What is expected:
The expected answer is the data below, printed verbatim without its pictures.

════════════════════

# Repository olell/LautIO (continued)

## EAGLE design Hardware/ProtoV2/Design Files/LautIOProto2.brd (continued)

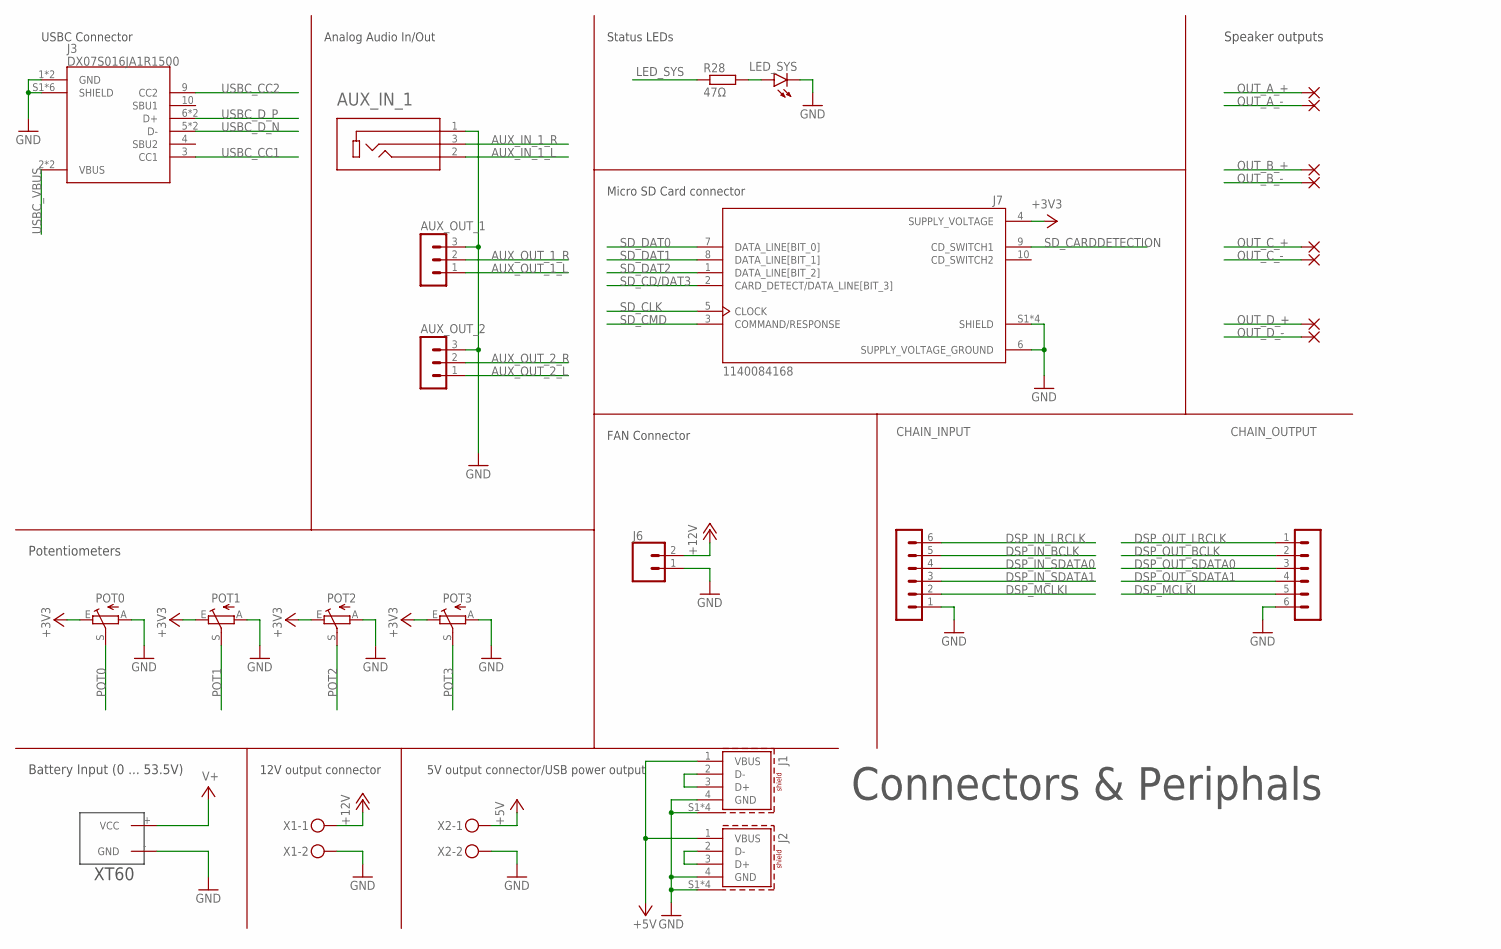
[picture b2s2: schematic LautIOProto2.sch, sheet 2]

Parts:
AUX_IN_1: SJ1-3523N; CUI_SJ1-3523N
AUX_OUT_1, AUX_OUT_2: MA03-1
CHAIN_INPUT: MA06-1
CHAIN_OUTPUT: MA06-1
J1, J2: 614004134726
J3: DX07S016JA1R1500; JAE_DX07S016JA1R1500
J6: CONN_02PTH3; 1X02_LONGPADS
J7: 1140084168; AMPHENOL_1140084168
LED_SYS: LEDSML0603; SML0603
PAD1, PAD2, PAD3, PAD4, PAD5, PAD6, PAD7, PAD8: SMD2; SMD1,27-2,54
POT0, POT1, POT2, POT3: TRIM_EU-CIP20C-6MM; CIP20C-6MM
R28: 47Ω; R0603
U$1: XT60
X1, X2: MKDSN1,5/2-5,08

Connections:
+3V3: J7.4 (SUPPLY_VOLTAGE), POT0.E, POT1.E, POT2.E, POT3.E; also elsewhere on the board
+5V: J1.1 (VBUS), J2.1 (VBUS), X2.1; also elsewhere on the board
+12V: J6.2, X1.1; also elsewhere on the board
AUX_IN_1_L: AUX_IN_1.2; also elsewhere on the board
AUX_IN_1_R: AUX_IN_1.3; also elsewhere on the board
AUX_OUT_1_L: AUX_OUT_1.1; also elsewhere on the board
AUX_OUT_1_R: AUX_OUT_1.2; also elsewhere on the board
AUX_OUT_2_L: AUX_OUT_2.1; also elsewhere on the board
AUX_OUT_2_R: AUX_OUT_2.2; also elsewhere on the board
DSP_IN_BCLK: CHAIN_INPUT.5; also elsewhere on the board
DSP_IN_LRCLK: CHAIN_INPUT.6; also elsewhere on the board
DSP_IN_SDATA0: CHAIN_INPUT.4; also elsewhere on the board
DSP_IN_SDATA1: CHAIN_INPUT.3; also elsewhere on the board
DSP_MCLKI: CHAIN_INPUT.2, CHAIN_OUTPUT.5; also elsewhere on the board
DSP_OUT_BCLK: CHAIN_OUTPUT.2; also elsewhere on the board
DSP_OUT_LRCLK: CHAIN_OUTPUT.1; also elsewhere on the board
DSP_OUT_SDATA0: CHAIN_OUTPUT.3; also elsewhere on the board
DSP_OUT_SDATA1: CHAIN_OUTPUT.4; also elsewhere on the board
GND: AUX_IN_1.1, AUX_OUT_1.3, AUX_OUT_2.3, CHAIN_INPUT.1, CHAIN_OUTPUT.6, J1.4 (GND), J1.S1 (SHIELD), J1.S2 (SHIELD), J1.S3 (SHIELD), J1.S4 (SHIELD), J2.4 (GND), J2.S1 (SHIELD), J2.S2 (SHIELD), J2.S3 (SHIELD), J2.S4 (SHIELD), J3.1 (GND), J3.12 (GND), J3.S1 (SHIELD), J3.S2 (SHIELD), J3.S3 (SHIELD), J3.S4 (SHIELD), J3.S5 (SHIELD), J3.S6 (SHIELD), J6.1, J7.6 (SUPPLY_VOLTAGE_GROUND), J7.S1 (SHIELD), J7.S2 (SHIELD), J7.S3 (SHIELD), J7.S4 (SHIELD), LED_SYS.C, POT0.A, POT1.A, POT2.A, POT3.A, U$1.- (GND), X1.2, X2.2; also elsewhere on the board
LED_SYS: R28.1; also elsewhere on the board
unnamed: J2.2 (D-), J2.3 (D+)
unnamed: J1.2 (D-), J1.3 (D+)
unnamed: LED_SYS.A, R28.2
OUT_A_+: PAD1.1; also elsewhere on the board
OUT_A_-: PAD2.1; also elsewhere on the board
OUT_B_+: PAD4.1; also elsewhere on the board
OUT_B_-: PAD3.1; also elsewhere on the board
OUT_C_+: PAD5.1; also elsewhere on the board
OUT_C_-: PAD6.1; also elsewhere on the board
OUT_D_+: PAD8.1; also elsewhere on the board
OUT_D_-: PAD7.1; also elsewhere on the board
POT0: POT0.S; also elsewhere on the board
POT1: POT1.S; also elsewhere on the board
POT2: POT2.S; also elsewhere on the board
POT3: POT3.S; also elsewhere on the board
SD_CARDDETECTION: J7.9 (CD_SWITCH1); also elsewhere on the board
SD_CD/DAT3: J7.2 (CARD_DETECT/DATA_LINE[BIT_3]); also elsewhere on the board
SD_CLK: J7.5 (CLOCK); also elsewhere on the board
SD_CMD: J7.3 (COMMAND/RESPONSE); also elsewhere on the board
SD_DAT0: J7.7 (DATA_LINE[BIT_0]); also elsewhere on the board
SD_DAT1: J7.8 (DATA_LINE[BIT_1]); also elsewhere on the board
SD_DAT2: J7.1 (DATA_LINE[BIT_2]); also elsewhere on the board
USBC_CC1: J3.3 (CC1); also elsewhere on the board
USBC_CC2: J3.9 (CC2); also elsewhere on the board
USBC_D_N: J3.5 (D-), J3.8 (D-); also elsewhere on the board
USBC_D_P: J3.6 (D+), J3.7 (D+); also elsewhere on the board
USBC_VBUS: J3.2 (VBUS), J3.11 (VBUS); also elsewhere on the board
V+: U$1.+ (VCC); also elsewhere on the board

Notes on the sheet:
Battery Input (0 ... 53.5V)
12V output connector
Connectors & Periphals
5V output connector/USB power output
Potentiometers
Speaker outputs
USBC Connector
Micro SD Card connector
Analog Audio In/Out
Status LEDs
FAN Connector

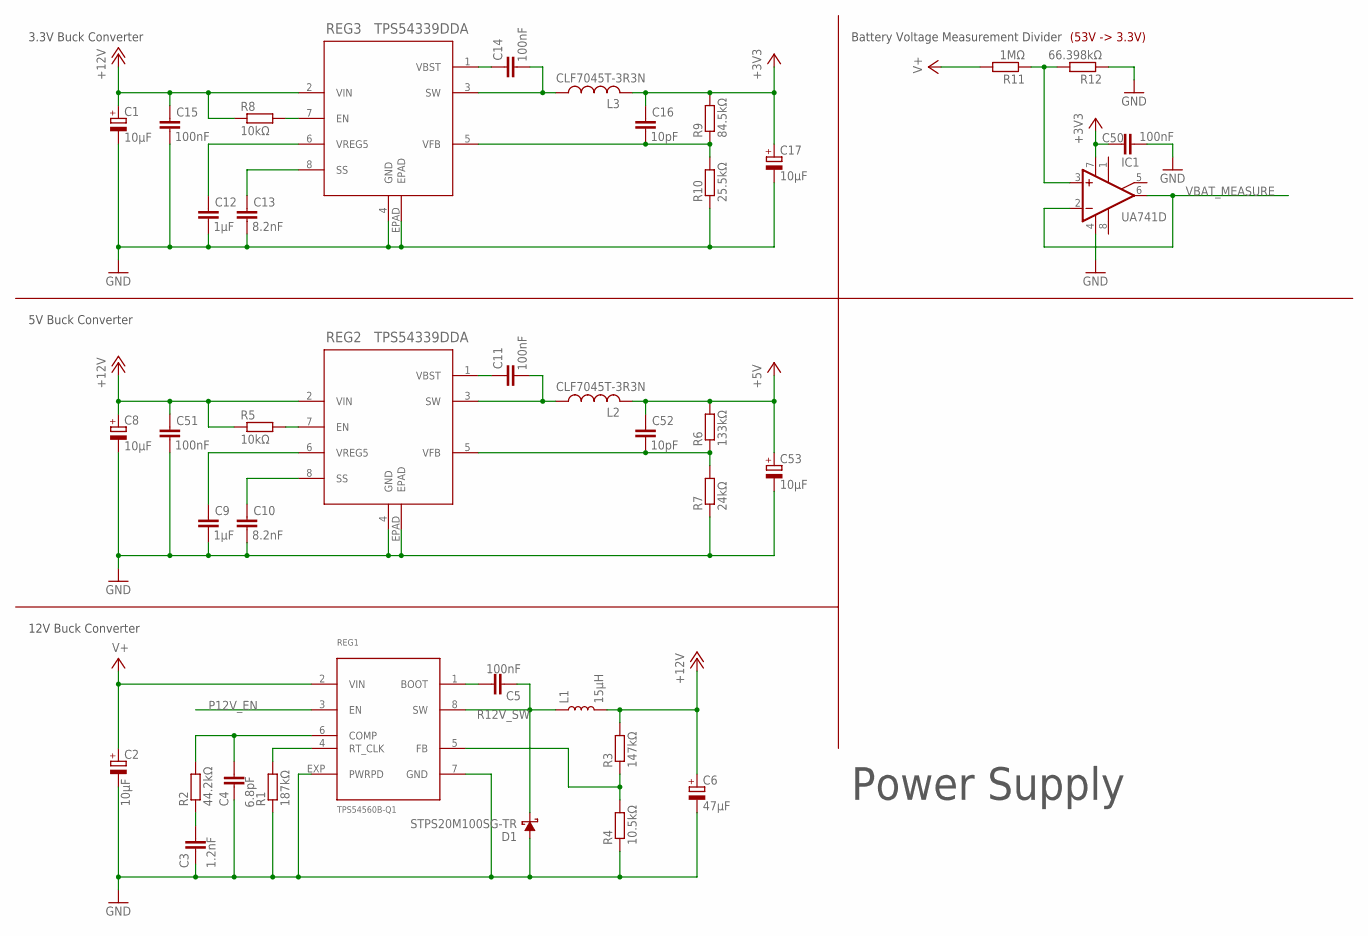
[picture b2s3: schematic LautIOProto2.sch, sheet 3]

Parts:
C1, C2, C8, C17, C53: 10µF; 153CLV-0605
C3: 1.2nF; C0603
C4: 6.8pF; C0603
C5, C11, C14, C15, C50, C51: 100nF; C0603
C6: 47µF; 153CLV-0807
C9, C12: 1µF; C3216
C10, C13: 8.2nF; C0603
C16, C52: 10pF; C0603
D1: STPS20M100SG-TR; TO-263/D2PAK
IC1: UA741D; SO08
L1: 15µH; INDUCTOR_SDR1307
L2, L3: CLF7045T-3R3N; L5650M
R1: 187kΩ; R0603
R2: 44.2kΩ; R0603
R3: 147kΩ; R0603
R4: 10.5kΩ; R0603
R5, R8: 10kΩ; R0603
R6: 133kΩ; R0603
R7: 24kΩ; R0603
R9: 84.5kΩ; R0603
R10: 25.5kΩ; R0603
R11: 1MΩ; R0603
R12: 66.398kΩ; R0603
REG1: TPS54560B-Q1; HSOP8
REG2, REG3: TPS54339DDA; DDA8_3P1X2P4_TEX

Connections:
+3V3: C16.1, C17.+, C50.1, IC1.7 (V+), L3.2, R9.2; also elsewhere on the board
+5V: C52.1, C53.+, L2.2, R6.2; also elsewhere on the board
+12V: C1.+, C6.+, C8.+, C15.1, C51.1, L1.P$2 (2), R3.2, R5.1, R8.1, REG2.2 (VIN), REG3.2 (VIN); also elsewhere on the board
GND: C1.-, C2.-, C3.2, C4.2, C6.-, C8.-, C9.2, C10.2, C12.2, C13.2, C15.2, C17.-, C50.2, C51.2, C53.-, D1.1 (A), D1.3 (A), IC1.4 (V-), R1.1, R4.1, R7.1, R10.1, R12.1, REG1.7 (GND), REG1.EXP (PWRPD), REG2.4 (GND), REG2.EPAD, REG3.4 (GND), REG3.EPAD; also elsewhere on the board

════════════════════

Response to this exercise:
# Repository olell/LautIO (continued)

## EAGLE design Hardware/ProtoV2/Design Files/LautIOProto2.brd (continued)

[picture b2s2: schematic LautIOProto2.sch, sheet 2]

Parts:
AUX_IN_1: SJ1-3523N; CUI_SJ1-3523N
AUX_OUT_1, AUX_OUT_2: MA03-1
CHAIN_INPUT: MA06-1
CHAIN_OUTPUT: MA06-1
J1, J2: 614004134726
J3: DX07S016JA1R1500; JAE_DX07S016JA1R1500
J6: CONN_02PTH3; 1X02_LONGPADS
J7: 1140084168; AMPHENOL_1140084168
LED_SYS: LEDSML0603; SML0603
PAD1, PAD2, PAD3, PAD4, PAD5, PAD6, PAD7, PAD8: SMD2; SMD1,27-2,54
POT0, POT1, POT2, POT3: TRIM_EU-CIP20C-6MM; CIP20C-6MM
R28: 47Ω; R0603
U$1: XT60
X1, X2: MKDSN1,5/2-5,08

Connections:
+3V3: J7.4 (SUPPLY_VOLTAGE), POT0.E, POT1.E, POT2.E, POT3.E; also elsewhere on the board
+5V: J1.1 (VBUS), J2.1 (VBUS), X2.1; also elsewhere on the board
+12V: J6.2, X1.1; also elsewhere on the board
AUX_IN_1_L: AUX_IN_1.2; also elsewhere on the board
AUX_IN_1_R: AUX_IN_1.3; also elsewhere on the board
AUX_OUT_1_L: AUX_OUT_1.1; also elsewhere on the board
AUX_OUT_1_R: AUX_OUT_1.2; also elsewhere on the board
AUX_OUT_2_L: AUX_OUT_2.1; also elsewhere on the board
AUX_OUT_2_R: AUX_OUT_2.2; also elsewhere on the board
DSP_IN_BCLK: CHAIN_INPUT.5; also elsewhere on the board
DSP_IN_LRCLK: CHAIN_INPUT.6; also elsewhere on the board
DSP_IN_SDATA0: CHAIN_INPUT.4; also elsewhere on the board
DSP_IN_SDATA1: CHAIN_INPUT.3; also elsewhere on the board
DSP_MCLKI: CHAIN_INPUT.2, CHAIN_OUTPUT.5; also elsewhere on the board
DSP_OUT_BCLK: CHAIN_OUTPUT.2; also elsewhere on the board
DSP_OUT_LRCLK: CHAIN_OUTPUT.1; also elsewhere on the board
DSP_OUT_SDATA0: CHAIN_OUTPUT.3; also elsewhere on the board
DSP_OUT_SDATA1: CHAIN_OUTPUT.4; also elsewhere on the board
GND: AUX_IN_1.1, AUX_OUT_1.3, AUX_OUT_2.3, CHAIN_INPUT.1, CHAIN_OUTPUT.6, J1.4 (GND), J1.S1 (SHIELD), J1.S2 (SHIELD), J1.S3 (SHIELD), J1.S4 (SHIELD), J2.4 (GND), J2.S1 (SHIELD), J2.S2 (SHIELD), J2.S3 (SHIELD), J2.S4 (SHIELD), J3.1 (GND), J3.12 (GND), J3.S1 (SHIELD), J3.S2 (SHIELD), J3.S3 (SHIELD), J3.S4 (SHIELD), J3.S5 (SHIELD), J3.S6 (SHIELD), J6.1, J7.6 (SUPPLY_VOLTAGE_GROUND), J7.S1 (SHIELD), J7.S2 (SHIELD), J7.S3 (SHIELD), J7.S4 (SHIELD), LED_SYS.C, POT0.A, POT1.A, POT2.A, POT3.A, U$1.- (GND), X1.2, X2.2; also elsewhere on the board
LED_SYS: R28.1; also elsewhere on the board
unnamed: J2.2 (D-), J2.3 (D+)
unnamed: J1.2 (D-), J1.3 (D+)
unnamed: LED_SYS.A, R28.2
OUT_A_+: PAD1.1; also elsewhere on the board
OUT_A_-: PAD2.1; also elsewhere on the board
OUT_B_+: PAD4.1; also elsewhere on the board
OUT_B_-: PAD3.1; also elsewhere on the board
OUT_C_+: PAD5.1; also elsewhere on the board
OUT_C_-: PAD6.1; also elsewhere on the board
OUT_D_+: PAD8.1; also elsewhere on the board
OUT_D_-: PAD7.1; also elsewhere on the board
POT0: POT0.S; also elsewhere on the board
POT1: POT1.S; also elsewhere on the board
POT2: POT2.S; also elsewhere on the board
POT3: POT3.S; also elsewhere on the board
SD_CARDDETECTION: J7.9 (CD_SWITCH1); also elsewhere on the board
SD_CD/DAT3: J7.2 (CARD_DETECT/DATA_LINE[BIT_3]); also elsewhere on the board
SD_CLK: J7.5 (CLOCK); also elsewhere on the board
SD_CMD: J7.3 (COMMAND/RESPONSE); also elsewhere on the board
SD_DAT0: J7.7 (DATA_LINE[BIT_0]); also elsewhere on the board
SD_DAT1: J7.8 (DATA_LINE[BIT_1]); also elsewhere on the board
SD_DAT2: J7.1 (DATA_LINE[BIT_2]); also elsewhere on the board
USBC_CC1: J3.3 (CC1); also elsewhere on the board
USBC_CC2: J3.9 (CC2); also elsewhere on the board
USBC_D_N: J3.5 (D-), J3.8 (D-); also elsewhere on the board
USBC_D_P: J3.6 (D+), J3.7 (D+); also elsewhere on the board
USBC_VBUS: J3.2 (VBUS), J3.11 (VBUS); also elsewhere on the board
V+: U$1.+ (VCC); also elsewhere on the board

Notes on the sheet:
Battery Input (0 ... 53.5V)
12V output connector
Connectors & Periphals
5V output connector/USB power output
Potentiometers
Speaker outputs
USBC Connector
Micro SD Card connector
Analog Audio In/Out
Status LEDs
FAN Connector

[picture b2s3: schematic LautIOProto2.sch, sheet 3]

Parts:
C1, C2, C8, C17, C53: 10µF; 153CLV-0605
C3: 1.2nF; C0603
C4: 6.8pF; C0603
C5, C11, C14, C15, C50, C51: 100nF; C0603
C6: 47µF; 153CLV-0807
C9, C12: 1µF; C3216
C10, C13: 8.2nF; C0603
C16, C52: 10pF; C0603
D1: STPS20M100SG-TR; TO-263/D2PAK
IC1: UA741D; SO08
L1: 15µH; INDUCTOR_SDR1307
L2, L3: CLF7045T-3R3N; L5650M
R1: 187kΩ; R0603
R2: 44.2kΩ; R0603
R3: 147kΩ; R0603
R4: 10.5kΩ; R0603
R5, R8: 10kΩ; R0603
R6: 133kΩ; R0603
R7: 24kΩ; R0603
R9: 84.5kΩ; R0603
R10: 25.5kΩ; R0603
R11: 1MΩ; R0603
R12: 66.398kΩ; R0603
REG1: TPS54560B-Q1; HSOP8
REG2, REG3: TPS54339DDA; DDA8_3P1X2P4_TEX

Connections:
+3V3: C16.1, C17.+, C50.1, IC1.7 (V+), L3.2, R9.2; also elsewhere on the board
+5V: C52.1, C53.+, L2.2, R6.2; also elsewhere on the board
+12V: C1.+, C6.+, C8.+, C15.1, C51.1, L1.P$2 (2), R3.2, R5.1, R8.1, REG2.2 (VIN), REG3.2 (VIN); also elsewhere on the board
GND: C1.-, C2.-, C3.2, C4.2, C6.-, C8.-, C9.2, C10.2, C12.2, C13.2, C15.2, C17.-, C50.2, C51.2, C53.-, D1.1 (A), D1.3 (A), IC1.4 (V-), R1.1, R4.1, R7.1, R10.1, R12.1, REG1.7 (GND), REG1.EXP (PWRPD), REG2.4 (GND), REG2.EPAD, REG3.4 (GND), REG3.EPAD; also elsewhere on the board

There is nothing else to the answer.